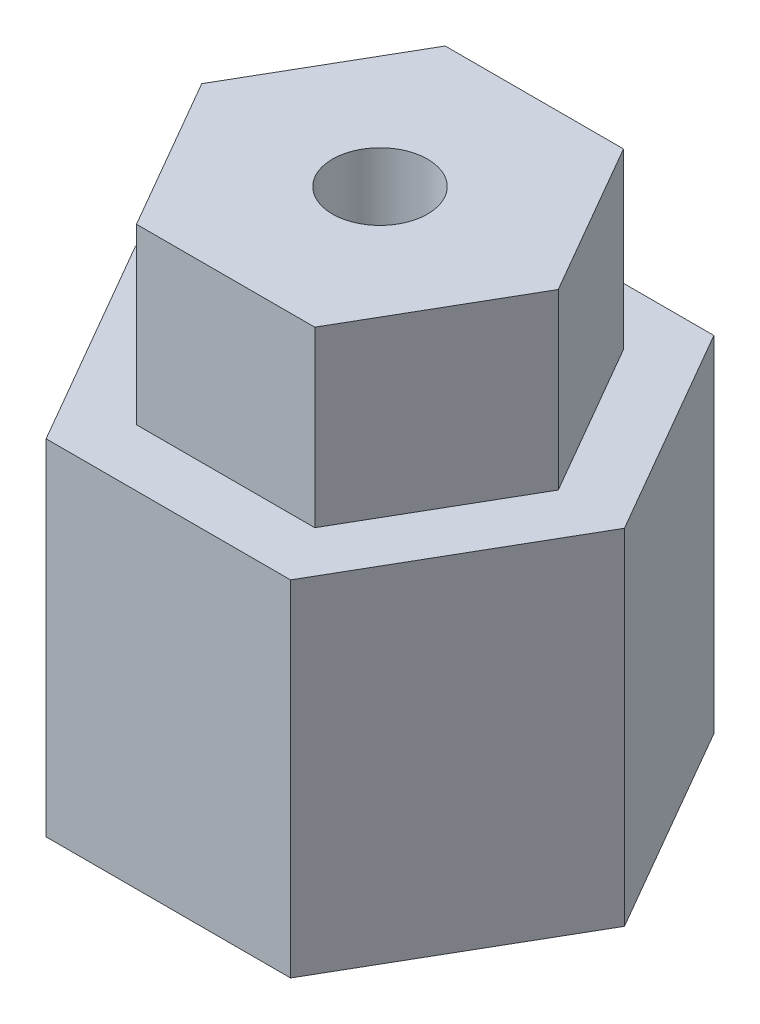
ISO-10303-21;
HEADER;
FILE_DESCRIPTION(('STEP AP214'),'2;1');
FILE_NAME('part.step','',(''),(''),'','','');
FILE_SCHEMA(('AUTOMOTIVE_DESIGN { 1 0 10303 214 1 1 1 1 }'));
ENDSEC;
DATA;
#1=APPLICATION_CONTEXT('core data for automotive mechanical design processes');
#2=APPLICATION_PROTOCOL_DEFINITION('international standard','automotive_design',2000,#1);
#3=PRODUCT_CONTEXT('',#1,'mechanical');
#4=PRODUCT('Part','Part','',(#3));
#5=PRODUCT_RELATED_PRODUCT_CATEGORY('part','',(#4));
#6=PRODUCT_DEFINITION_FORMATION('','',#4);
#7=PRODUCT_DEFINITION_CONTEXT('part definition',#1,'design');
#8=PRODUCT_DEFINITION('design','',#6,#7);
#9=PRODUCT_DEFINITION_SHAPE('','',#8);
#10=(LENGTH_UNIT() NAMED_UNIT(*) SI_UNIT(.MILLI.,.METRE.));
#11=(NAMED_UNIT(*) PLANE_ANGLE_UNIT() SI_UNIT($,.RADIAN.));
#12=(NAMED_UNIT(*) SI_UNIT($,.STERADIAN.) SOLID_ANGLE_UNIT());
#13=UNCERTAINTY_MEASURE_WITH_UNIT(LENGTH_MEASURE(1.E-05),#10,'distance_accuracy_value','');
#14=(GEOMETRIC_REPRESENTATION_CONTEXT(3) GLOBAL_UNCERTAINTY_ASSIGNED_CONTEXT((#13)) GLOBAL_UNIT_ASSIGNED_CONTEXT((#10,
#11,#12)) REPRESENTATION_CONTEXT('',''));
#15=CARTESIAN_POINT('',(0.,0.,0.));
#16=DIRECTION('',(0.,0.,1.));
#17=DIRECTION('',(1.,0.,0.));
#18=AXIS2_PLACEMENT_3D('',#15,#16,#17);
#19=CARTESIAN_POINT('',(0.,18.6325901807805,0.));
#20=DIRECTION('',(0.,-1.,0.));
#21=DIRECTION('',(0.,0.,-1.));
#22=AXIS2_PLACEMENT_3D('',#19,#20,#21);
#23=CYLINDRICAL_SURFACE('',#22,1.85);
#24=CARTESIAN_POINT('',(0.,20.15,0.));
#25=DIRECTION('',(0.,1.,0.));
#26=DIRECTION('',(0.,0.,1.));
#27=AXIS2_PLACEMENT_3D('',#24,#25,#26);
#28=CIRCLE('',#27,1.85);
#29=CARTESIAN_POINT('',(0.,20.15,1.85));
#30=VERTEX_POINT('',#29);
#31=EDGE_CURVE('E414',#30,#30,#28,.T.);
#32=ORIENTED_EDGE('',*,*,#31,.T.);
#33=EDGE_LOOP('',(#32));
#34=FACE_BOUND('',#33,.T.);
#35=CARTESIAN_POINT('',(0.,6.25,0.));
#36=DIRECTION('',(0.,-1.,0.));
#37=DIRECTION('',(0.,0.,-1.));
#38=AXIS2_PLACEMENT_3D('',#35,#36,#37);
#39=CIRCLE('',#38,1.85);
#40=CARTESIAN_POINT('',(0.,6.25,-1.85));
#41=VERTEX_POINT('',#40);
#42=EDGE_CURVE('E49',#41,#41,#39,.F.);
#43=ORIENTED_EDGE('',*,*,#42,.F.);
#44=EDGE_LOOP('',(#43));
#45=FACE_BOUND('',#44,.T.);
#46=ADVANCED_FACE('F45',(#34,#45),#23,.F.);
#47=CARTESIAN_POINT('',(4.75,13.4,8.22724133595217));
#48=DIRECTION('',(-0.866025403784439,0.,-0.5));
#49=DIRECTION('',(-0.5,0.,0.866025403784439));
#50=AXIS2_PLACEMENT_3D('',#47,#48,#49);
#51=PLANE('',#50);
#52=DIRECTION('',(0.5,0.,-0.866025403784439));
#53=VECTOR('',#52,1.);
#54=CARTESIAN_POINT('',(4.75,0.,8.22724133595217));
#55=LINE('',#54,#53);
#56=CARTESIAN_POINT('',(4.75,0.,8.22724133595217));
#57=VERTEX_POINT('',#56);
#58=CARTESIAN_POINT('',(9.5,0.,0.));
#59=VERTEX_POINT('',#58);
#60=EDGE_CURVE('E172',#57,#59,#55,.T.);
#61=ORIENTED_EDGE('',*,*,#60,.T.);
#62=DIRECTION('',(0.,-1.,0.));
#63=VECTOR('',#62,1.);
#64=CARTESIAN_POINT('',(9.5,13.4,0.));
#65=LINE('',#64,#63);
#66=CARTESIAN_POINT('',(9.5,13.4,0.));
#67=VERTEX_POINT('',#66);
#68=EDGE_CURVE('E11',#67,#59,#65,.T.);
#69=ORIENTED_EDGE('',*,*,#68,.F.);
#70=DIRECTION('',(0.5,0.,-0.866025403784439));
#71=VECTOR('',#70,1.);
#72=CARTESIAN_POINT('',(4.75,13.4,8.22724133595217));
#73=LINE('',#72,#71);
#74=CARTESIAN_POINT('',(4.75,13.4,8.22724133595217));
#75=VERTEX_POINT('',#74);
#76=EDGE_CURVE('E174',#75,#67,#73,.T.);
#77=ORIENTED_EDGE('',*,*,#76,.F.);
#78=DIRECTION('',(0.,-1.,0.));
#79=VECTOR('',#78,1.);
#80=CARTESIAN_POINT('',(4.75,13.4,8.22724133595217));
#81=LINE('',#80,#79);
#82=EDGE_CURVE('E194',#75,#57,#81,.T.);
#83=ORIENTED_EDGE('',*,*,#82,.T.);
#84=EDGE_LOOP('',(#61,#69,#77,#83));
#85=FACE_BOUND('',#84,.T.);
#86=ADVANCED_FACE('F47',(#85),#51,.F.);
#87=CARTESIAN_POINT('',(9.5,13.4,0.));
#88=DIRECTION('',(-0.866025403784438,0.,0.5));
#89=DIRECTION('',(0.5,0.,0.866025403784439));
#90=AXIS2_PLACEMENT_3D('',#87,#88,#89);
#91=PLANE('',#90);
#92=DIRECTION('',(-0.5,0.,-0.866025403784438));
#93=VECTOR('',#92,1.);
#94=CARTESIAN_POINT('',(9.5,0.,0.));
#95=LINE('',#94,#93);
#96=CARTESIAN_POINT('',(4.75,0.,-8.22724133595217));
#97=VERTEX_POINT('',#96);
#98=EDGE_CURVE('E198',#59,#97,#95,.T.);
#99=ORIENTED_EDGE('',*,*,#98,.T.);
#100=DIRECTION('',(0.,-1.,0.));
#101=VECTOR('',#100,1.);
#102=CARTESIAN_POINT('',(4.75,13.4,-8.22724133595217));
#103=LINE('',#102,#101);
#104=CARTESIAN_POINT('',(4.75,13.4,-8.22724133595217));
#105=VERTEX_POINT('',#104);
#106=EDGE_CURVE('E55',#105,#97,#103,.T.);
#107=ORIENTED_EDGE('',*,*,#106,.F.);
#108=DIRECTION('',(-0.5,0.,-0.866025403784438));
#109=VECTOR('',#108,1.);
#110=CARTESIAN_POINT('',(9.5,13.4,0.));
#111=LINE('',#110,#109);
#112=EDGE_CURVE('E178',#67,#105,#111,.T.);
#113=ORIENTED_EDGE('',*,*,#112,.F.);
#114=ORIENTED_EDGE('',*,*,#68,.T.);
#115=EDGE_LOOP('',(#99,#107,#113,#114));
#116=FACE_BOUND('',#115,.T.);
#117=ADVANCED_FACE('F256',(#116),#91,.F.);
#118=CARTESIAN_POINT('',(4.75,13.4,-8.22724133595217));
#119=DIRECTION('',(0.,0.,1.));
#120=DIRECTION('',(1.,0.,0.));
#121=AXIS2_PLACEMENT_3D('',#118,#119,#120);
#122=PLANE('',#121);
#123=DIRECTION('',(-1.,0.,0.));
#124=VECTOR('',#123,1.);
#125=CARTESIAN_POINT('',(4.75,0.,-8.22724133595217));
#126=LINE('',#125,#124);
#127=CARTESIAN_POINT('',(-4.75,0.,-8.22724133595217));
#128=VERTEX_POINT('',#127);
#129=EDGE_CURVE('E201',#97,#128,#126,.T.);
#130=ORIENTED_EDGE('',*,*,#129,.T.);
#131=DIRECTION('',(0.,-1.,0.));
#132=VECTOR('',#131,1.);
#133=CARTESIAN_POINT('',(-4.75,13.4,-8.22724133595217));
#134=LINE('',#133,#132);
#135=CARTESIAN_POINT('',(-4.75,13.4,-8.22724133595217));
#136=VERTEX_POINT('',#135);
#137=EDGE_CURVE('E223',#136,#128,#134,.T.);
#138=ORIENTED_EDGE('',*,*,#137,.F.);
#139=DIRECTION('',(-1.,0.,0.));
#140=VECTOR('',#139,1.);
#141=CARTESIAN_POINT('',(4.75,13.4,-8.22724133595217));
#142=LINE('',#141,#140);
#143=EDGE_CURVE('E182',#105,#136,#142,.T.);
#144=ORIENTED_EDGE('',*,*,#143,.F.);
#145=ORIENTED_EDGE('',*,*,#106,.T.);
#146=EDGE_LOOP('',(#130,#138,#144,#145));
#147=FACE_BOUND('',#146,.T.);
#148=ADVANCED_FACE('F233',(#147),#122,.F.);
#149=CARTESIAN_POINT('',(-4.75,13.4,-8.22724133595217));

▬▬▬

Some lines above may contain the string "mechanical". State how many of them the records have, and nothing more.

● Worked solution: 2